VirusTotal, the popular online service for analyzing suspicious files, URLs and IP addresses, can be used to collect credentials stolen by malware, researchers at SafeBreach have found.

In fact, with a €600 VirusTotal license, they have managed to collect more than 1,000,000 credentials just by executing simple searches with a few tools.

VirusTotal stolen credentials

The source of the compromised credentials

The credentials are contained in files that common info-stealers and keyloggers use to exfiltrate them from infected machines.

These files can end up hosted on VirusTotal due to hackers using VirusTotal to promote selling victims’ data or due to attackers uploading them by mistake, Tomer Bar, Director of Security Research at SafeBreach, told Help Net Security.

They may also be uploaded by third parties (e.g., a security researcher or the company where the C2 server is hosted) who are unaware they contain sensitive information. Finally, some environments are configured to automatically upload files to VirusTotal to verify whether they are “clean”.

Finding the files with stolen credentials

Just like Google Search can be used to search for vulnerable websites/systems, IoT devices, and sensitive data (the method is known as Google hacking or dorking), VirusTotal’s APIs and tools (VT Graph, Retrohunt, etc.) can be used to find files containing stolen data.

To prove it, the researchers compiled a list of those files’ names, acquired a monthly VirusTotal license that allowed them to do searches, explore VirusTotal’s dataset, and perform malware hunts – and started searching for them.

It didn’t take long to find some. Depending on the malware, these files contain credentials for email and social media accounts, e-commerce sites, online payment services, gaming platforms, online government services, streaming platforms, online banking accounts, and private keys of cryptocurrency wallets.

They’ve also connected some of these files to specific sellers of stolen credentials on a variety of hacking forums and Telegram groups, and have shown that in some cases it may be easy for criminals to discover credentials for accessing malware’s C2 FTP server and use them to “collect” stolen credentials.

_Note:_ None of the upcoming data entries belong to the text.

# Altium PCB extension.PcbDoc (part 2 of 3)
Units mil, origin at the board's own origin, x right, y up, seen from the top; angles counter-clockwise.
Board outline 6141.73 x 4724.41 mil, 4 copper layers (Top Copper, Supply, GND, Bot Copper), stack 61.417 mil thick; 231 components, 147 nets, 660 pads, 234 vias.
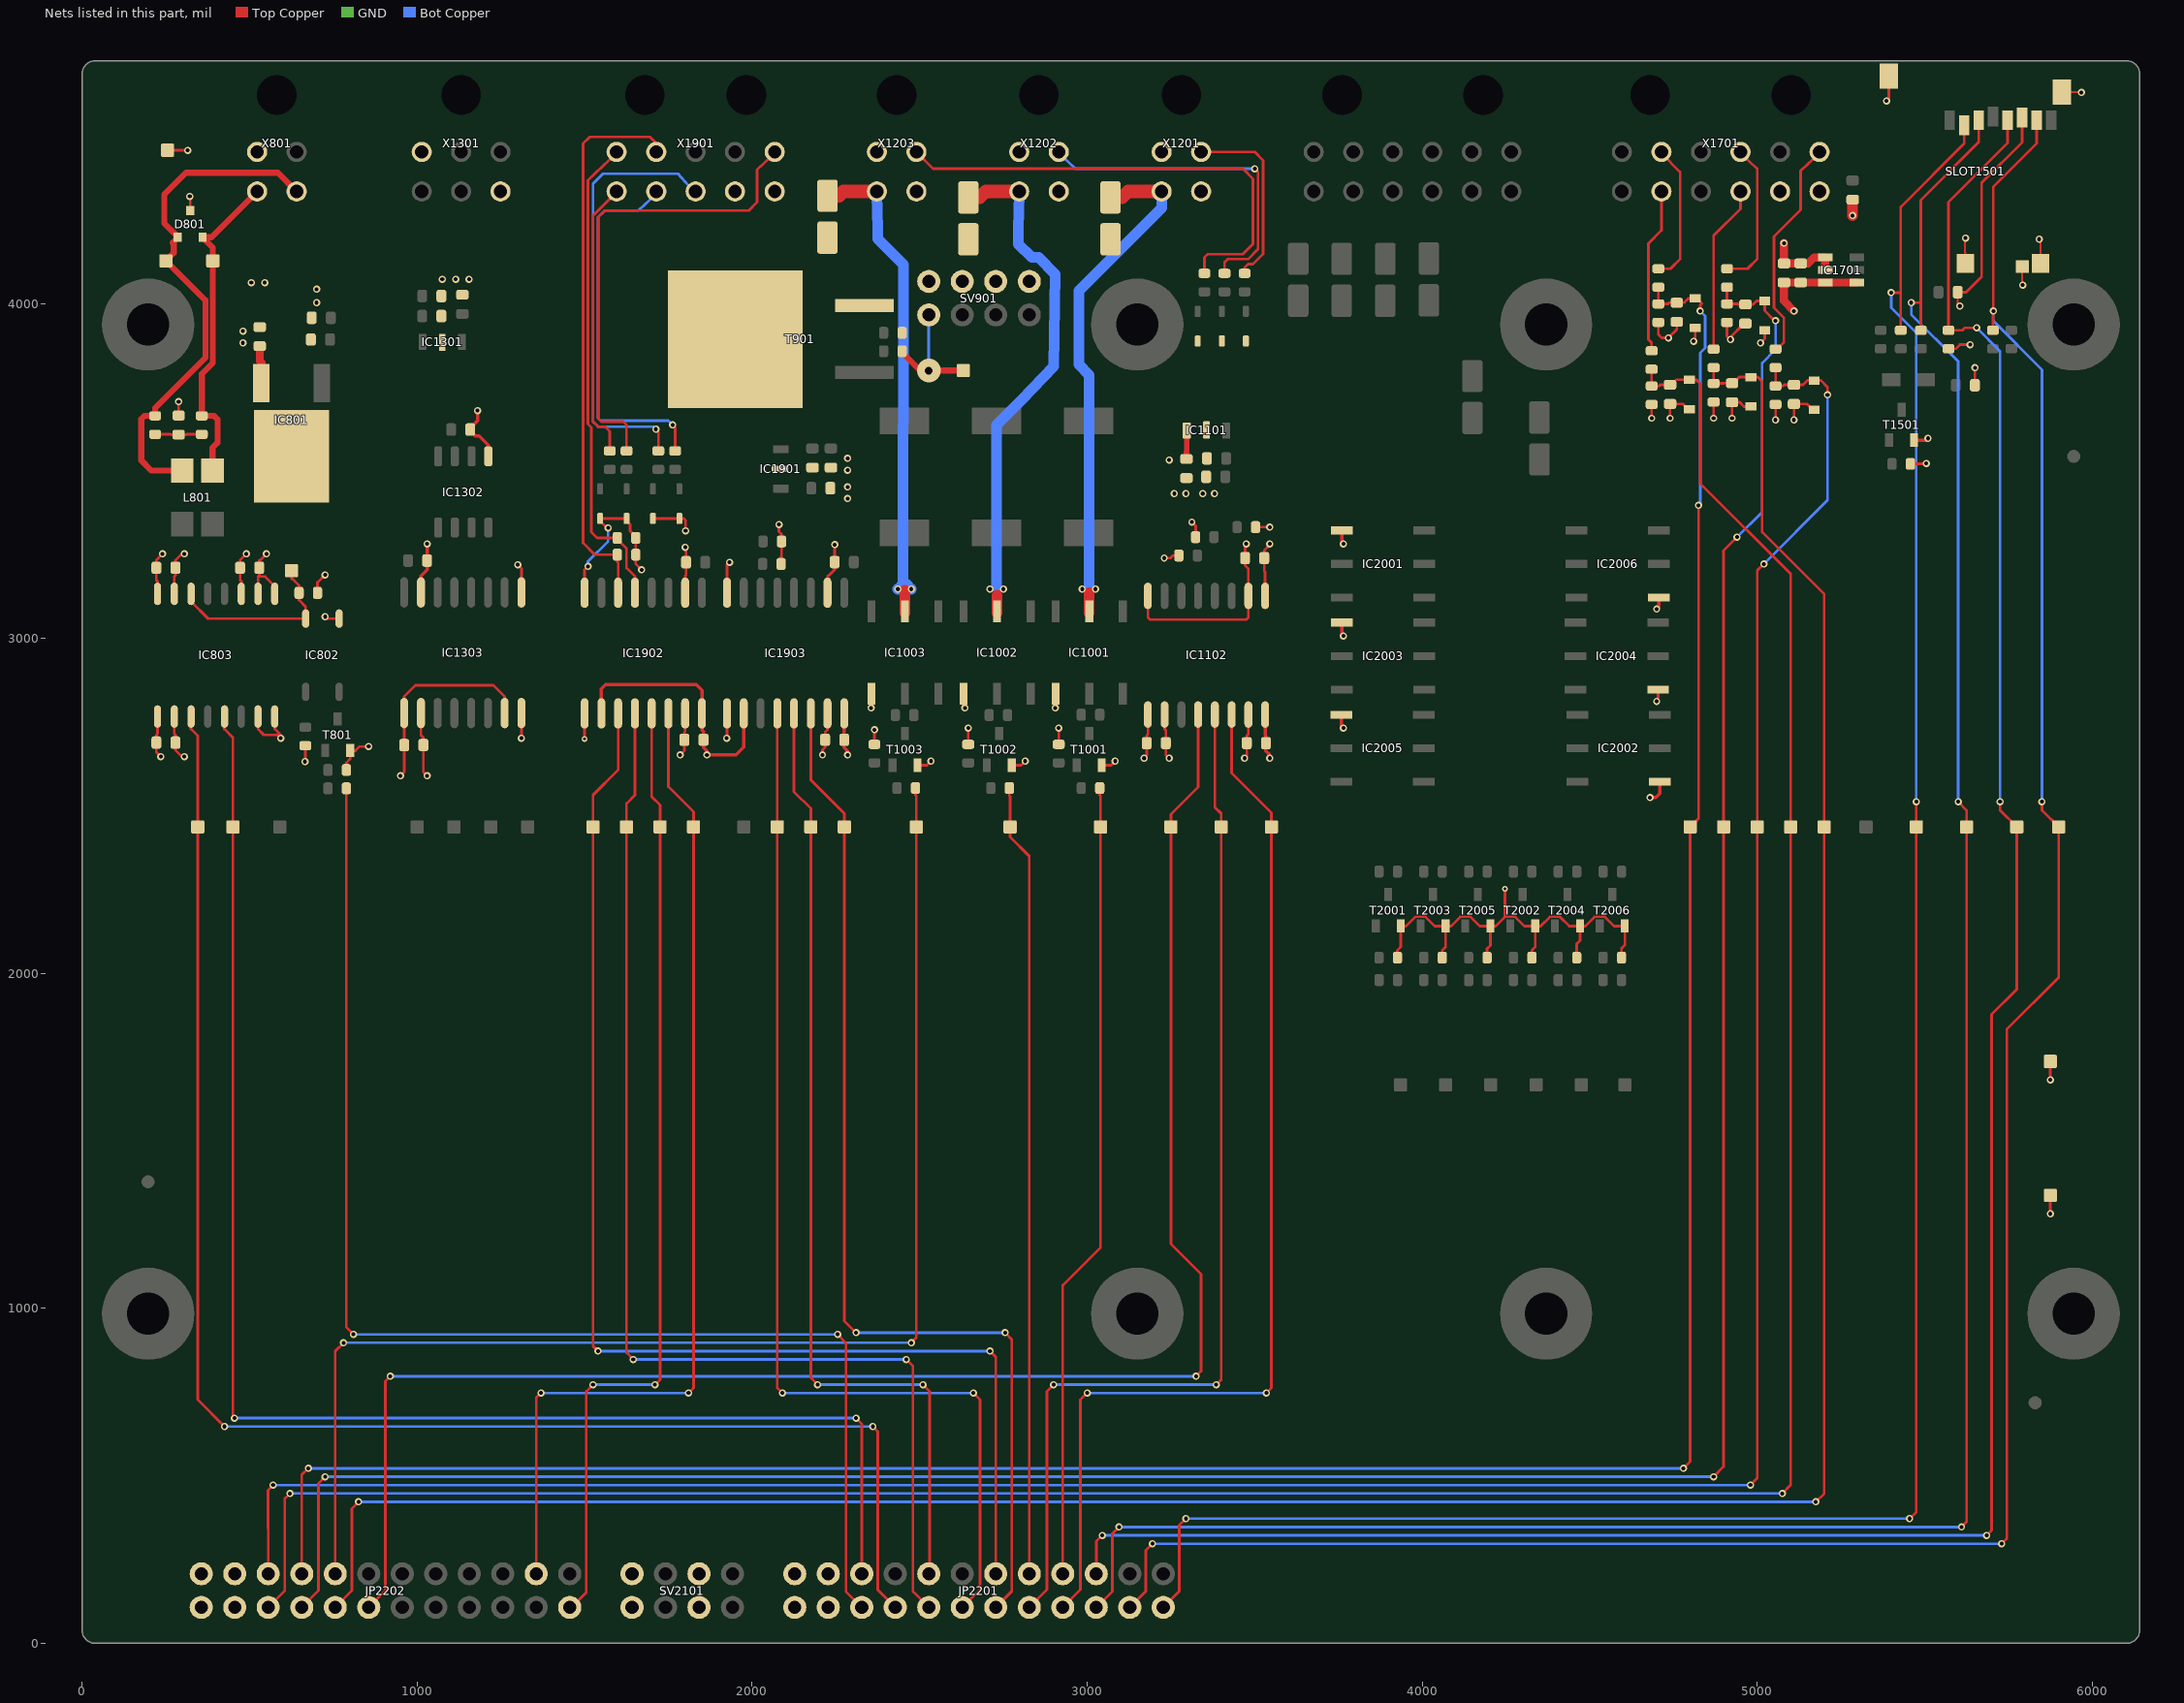
[diagram p4: the nets of this part, all layers, seen from the top]

## Part data
C801 C1102 C1301 C1502 C1703 C1902: library part gen_C_ceramic_1u_50V_X7R_0603, "MLCC", Capacitance=1u, Case EIA=0603, Case Metric=1608, Dielectric=X7R, Operating Temperature="-55°C - +125°C", Rated Voltage=50V, Supplier Part Number 1=2779055, Tolerance="± 10%", Part Number=gen_C_ceramic_1u_50V_X7R_0603, Supplier 1=Farnell
C802 C803 C805 C806 C807 C1101 C1103 C1104 C1105 C1106 C1302 C1303 C1304 C1305 C1306 C1501 C1701 C1702 C1704 C1705 C1706 C1707 C1708 C1901 C1903 C1904 C1905 C1906 C1907: library part gen_C_ceramic_100n_50V_X7R_0603, "MLCC", Capacitance=100n, Case EIA=0603, Case Metric=1608, Dielectric=X7R, PnP Package=C_0603_10, PnP Value=100n/50V/X7R, Rated Voltage=50V, Supplier Part Number 1=2525267, Part Number=gen_C_ceramic_100n_50V_X7R_0603, PnP equipped=x, Supplier 1=Farnell
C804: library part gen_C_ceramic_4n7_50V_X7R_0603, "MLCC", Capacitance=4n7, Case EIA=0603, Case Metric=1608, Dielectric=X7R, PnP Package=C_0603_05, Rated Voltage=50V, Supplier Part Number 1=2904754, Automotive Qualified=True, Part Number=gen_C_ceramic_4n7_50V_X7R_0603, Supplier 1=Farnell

“Our goal was to identify the data a criminal could gather with a VirusTotal license,” Bar noted, and said that they have proven this method – dubbed “VirusTotal Hacking” – works at scale.

“A criminal who uses this method can gather an almost unlimited number of credentials and other user-sensitive data with very little effort in a short period of time using an infection-free approach. We called it the perfect cyber crime, not just due to the fact that there is no risk and the effort is very low, but also due to the inability of victims to protect themselves from this type of activity. After victims are hacked by the original hacker, most have little visibility into what sensitive information is uploaded and stored in VirusTotal and other forums.”

The researchers urged Google – the owner of VirusTotal via its subsidiary Chronicle – to periodically search and remove files with sensitive user data and ban API keys that upload those files, and to add an algorithm that disallows uploads of files that contain sensitive cleartext data or encrypted files with the decryption password attached (either as text or included in an image).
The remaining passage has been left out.